Esclusa la pensione di reversibilità per il coniuge divorziato che ha percepito l’assegno divorzile in una unica soluzione.

Nota a Cass. S.U. 24 settembre 2018, n. 22434

Daria Pietrocarlo

Ai fini del riconoscimento della pensione di reversibilità in favore del coniuge nei cui confronti è stato dichiarato lo scioglimento o la cessazione degli effetti civili del matrimonio, ai sensi dell’art. 9 della L. 1 dicembre 1970, n. 898, la titolarità dell’assegno di cui all’art. 5 della stessa legge deve intendersi come titolarità attuale e concretamente fruibile dell’assegno divorzile al momento della morte dell’ex coniuge, e non già come titolarità astratta del diritto all’assegno divorzile che è stato in precedenza soddisfatto con la corresponsione in un’unica soluzione.
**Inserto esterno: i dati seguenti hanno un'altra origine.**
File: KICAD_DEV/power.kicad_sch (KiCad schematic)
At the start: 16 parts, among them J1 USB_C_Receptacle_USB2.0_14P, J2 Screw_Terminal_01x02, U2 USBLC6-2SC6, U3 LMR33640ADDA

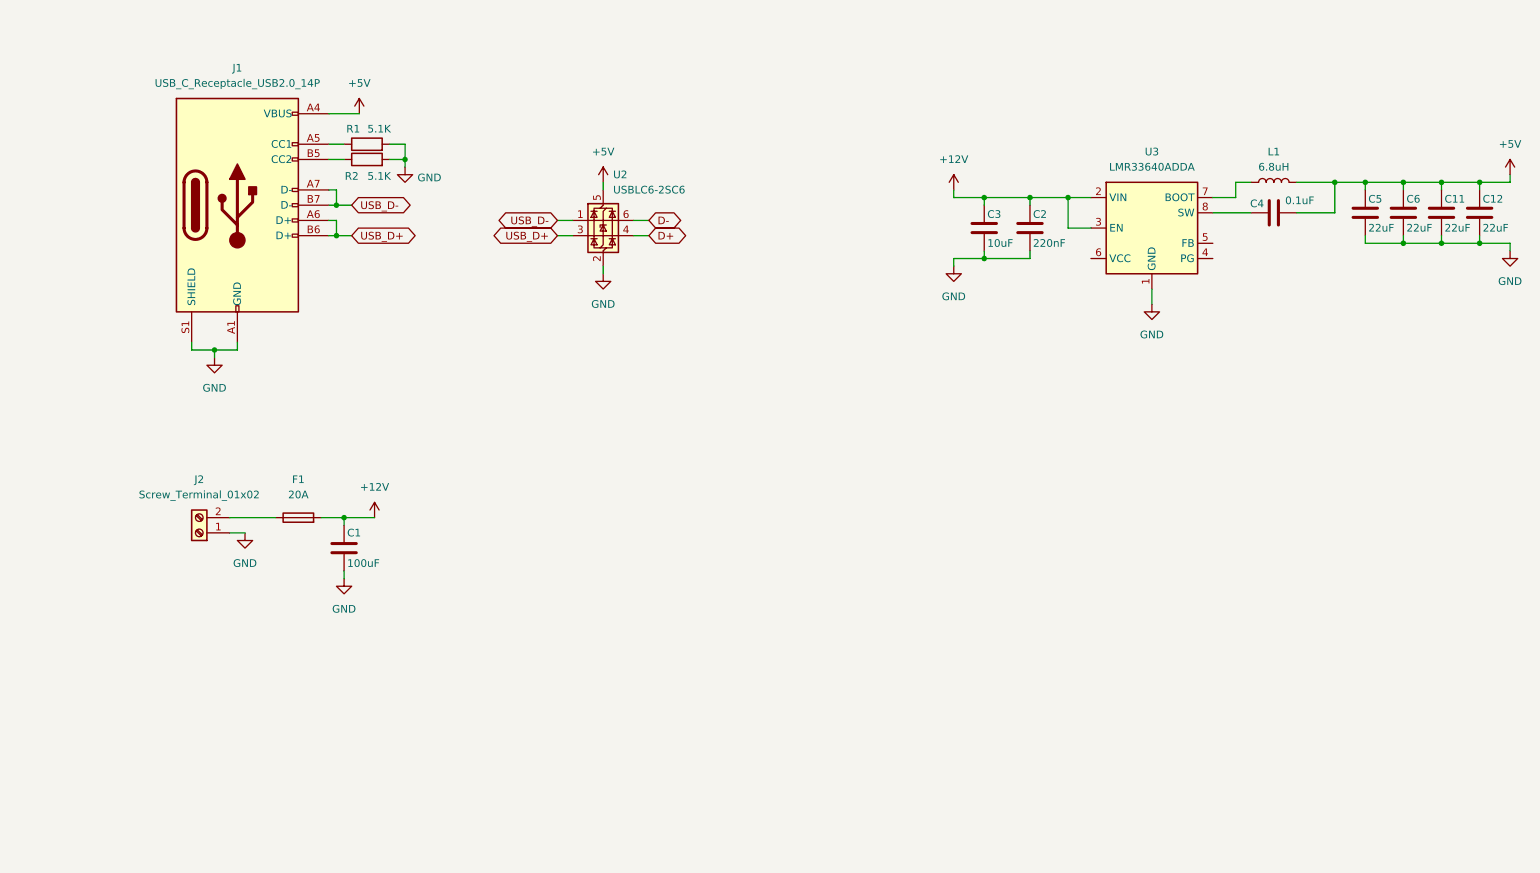
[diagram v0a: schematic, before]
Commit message: finished buck converter wiring!
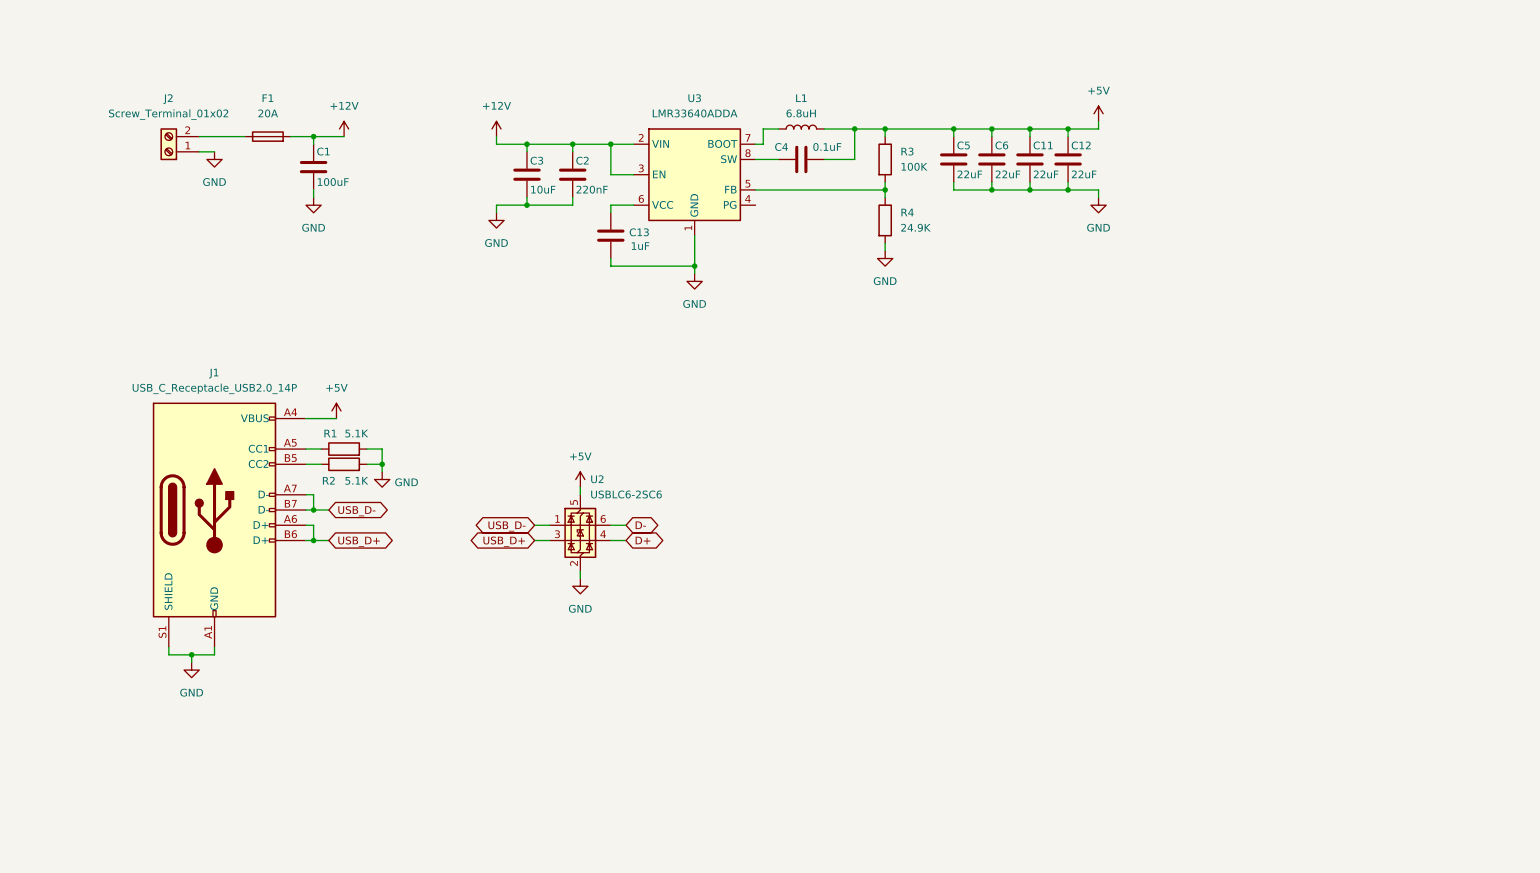
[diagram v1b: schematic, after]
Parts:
- added C13: 1uF, symbol Device:C
- added R3: 100K, symbol Device:R
- added R4: 24.9K, symbol Device:R
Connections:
- net +5V: now also R3.1
- net GND: now also C13.2, R4.2
- net at U3.5 (FB): now also R3.2, R4.1
- net at U3.6 (VCC): now also C13.1
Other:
- moved on the sheet: C1, C11, C12, C2, C3, C4, C5, C6, F1, J1, J2, L1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

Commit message: added all the basic footprints!
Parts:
- C11, C12, C5, C6: footprint (none) -> Capacitor_SMD:C_0805_2012Metric
- C13, C2, C4: footprint (none) -> Capacitor_SMD:C_0402_1005Metric
- C3: footprint (none) -> Capacitor_SMD:C_0603_1608Metric
- R1, R2, R3, R4: footprint (none) -> Resistor_SMD:R_0402_1005Metric
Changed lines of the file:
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@@
 			)
 		)
-		(property "Footprint" ""
+		(property "Footprint" "Resistor_SMD:R_0402_1005Metric"
 			(at 62.23 97.028 90)
 			(effects
@@
 			)
 		)
-		(property "Footprint" ""
+		(property "Footprint" "Capacitor_SMD:C_0805_2012Metric"
 			(at 177.4952 48.26 0)
 			(effects
@@
 			)
 		)
-		(property "Footprint" ""
+		(property "Footprint" "Capacitor_SMD:C_0805_2012Metric"
 			(at 164.7952 48.26 0)
 			(effects
@@
 			)
 		)
-		(property "Footprint" ""
+		(property "Footprint" "Capacitor_SMD:C_0402_1005Metric"
 			(at 142.24 43.4848 0)
 			(effects
@@
 			)
 		)
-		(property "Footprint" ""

Questo l’importante principio di diritto sancito dalle Sezioni Unite civili della Corte di Cassazione 24 settembre 2018, n. 22434 chiamate a dirimere il contrasto negli orientamenti della giurisprudenza di legittimità circa la natura giuridica del diritto alla pensione di reversibilità e la interpretazione della norma (art. 9, co. 3, della L. n. 898/1070) che pone come presupposto per il diritto alla pensione di reversibilità la titolarità dell’assegno di cui all’art. 5 della stessa legge.

La pronuncia si è resa necessaria a causa di un contrasto di orientamenti tra chi riteneva che la pensione di reversibilità spettasse al coniuge divorziato solo se questi percepiva l’assegno divorzile al momento del decesso dell’ex coniuge e chi, viceversa, la subordinava unicamente alla esistenza di un diritto all’assegno, sebbene liquidato in una unica soluzione.

Prima di arrivare a formulare il principio di diritto citato, la Cassazione si è soffermata ad analizzare un’altra sentenza delle Sezioni Unite la n. 159 del 12 gennaio 1998, in quanto invocata dalla ricorrente, con la quale furono chiamate a risolvere tre questioni interpretative.

La prima era relativa alla identificazione della natura del trattamento di reversibilità riservato al coniuge divorziato, ossia se costituisse un diritto nei confronti del coniuge superstite, avente sostanzialmente la stessa natura dell’assegno divorzile, ovvero se consistesse in un diritto autonomo e quindi presentasse una natura prettamente previdenziale e una riferibilità soggettiva diretta in capo al coniuge divorziato nei confronti dell’ente previdenziale.

La seconda questione si riferiva alla individuazione del criterio di determinazione della quota da attribuire al coniuge divorziato e in particolare se tale criterio doveva essere quello matematico ancorato alla durata del matrimonio, ovvero temperato da altri elementi di giudizio utilizzabili ai fini della quantificazione dell’assegno divorzile.

Infine, la terza questione si riferiva ai criteri per determinare la durata del rapporto e in particolare se si dovesse prendere a riferimento la durata legale del matrimonio ovvero se si dovesse tenere conto anche della durata della convivenza.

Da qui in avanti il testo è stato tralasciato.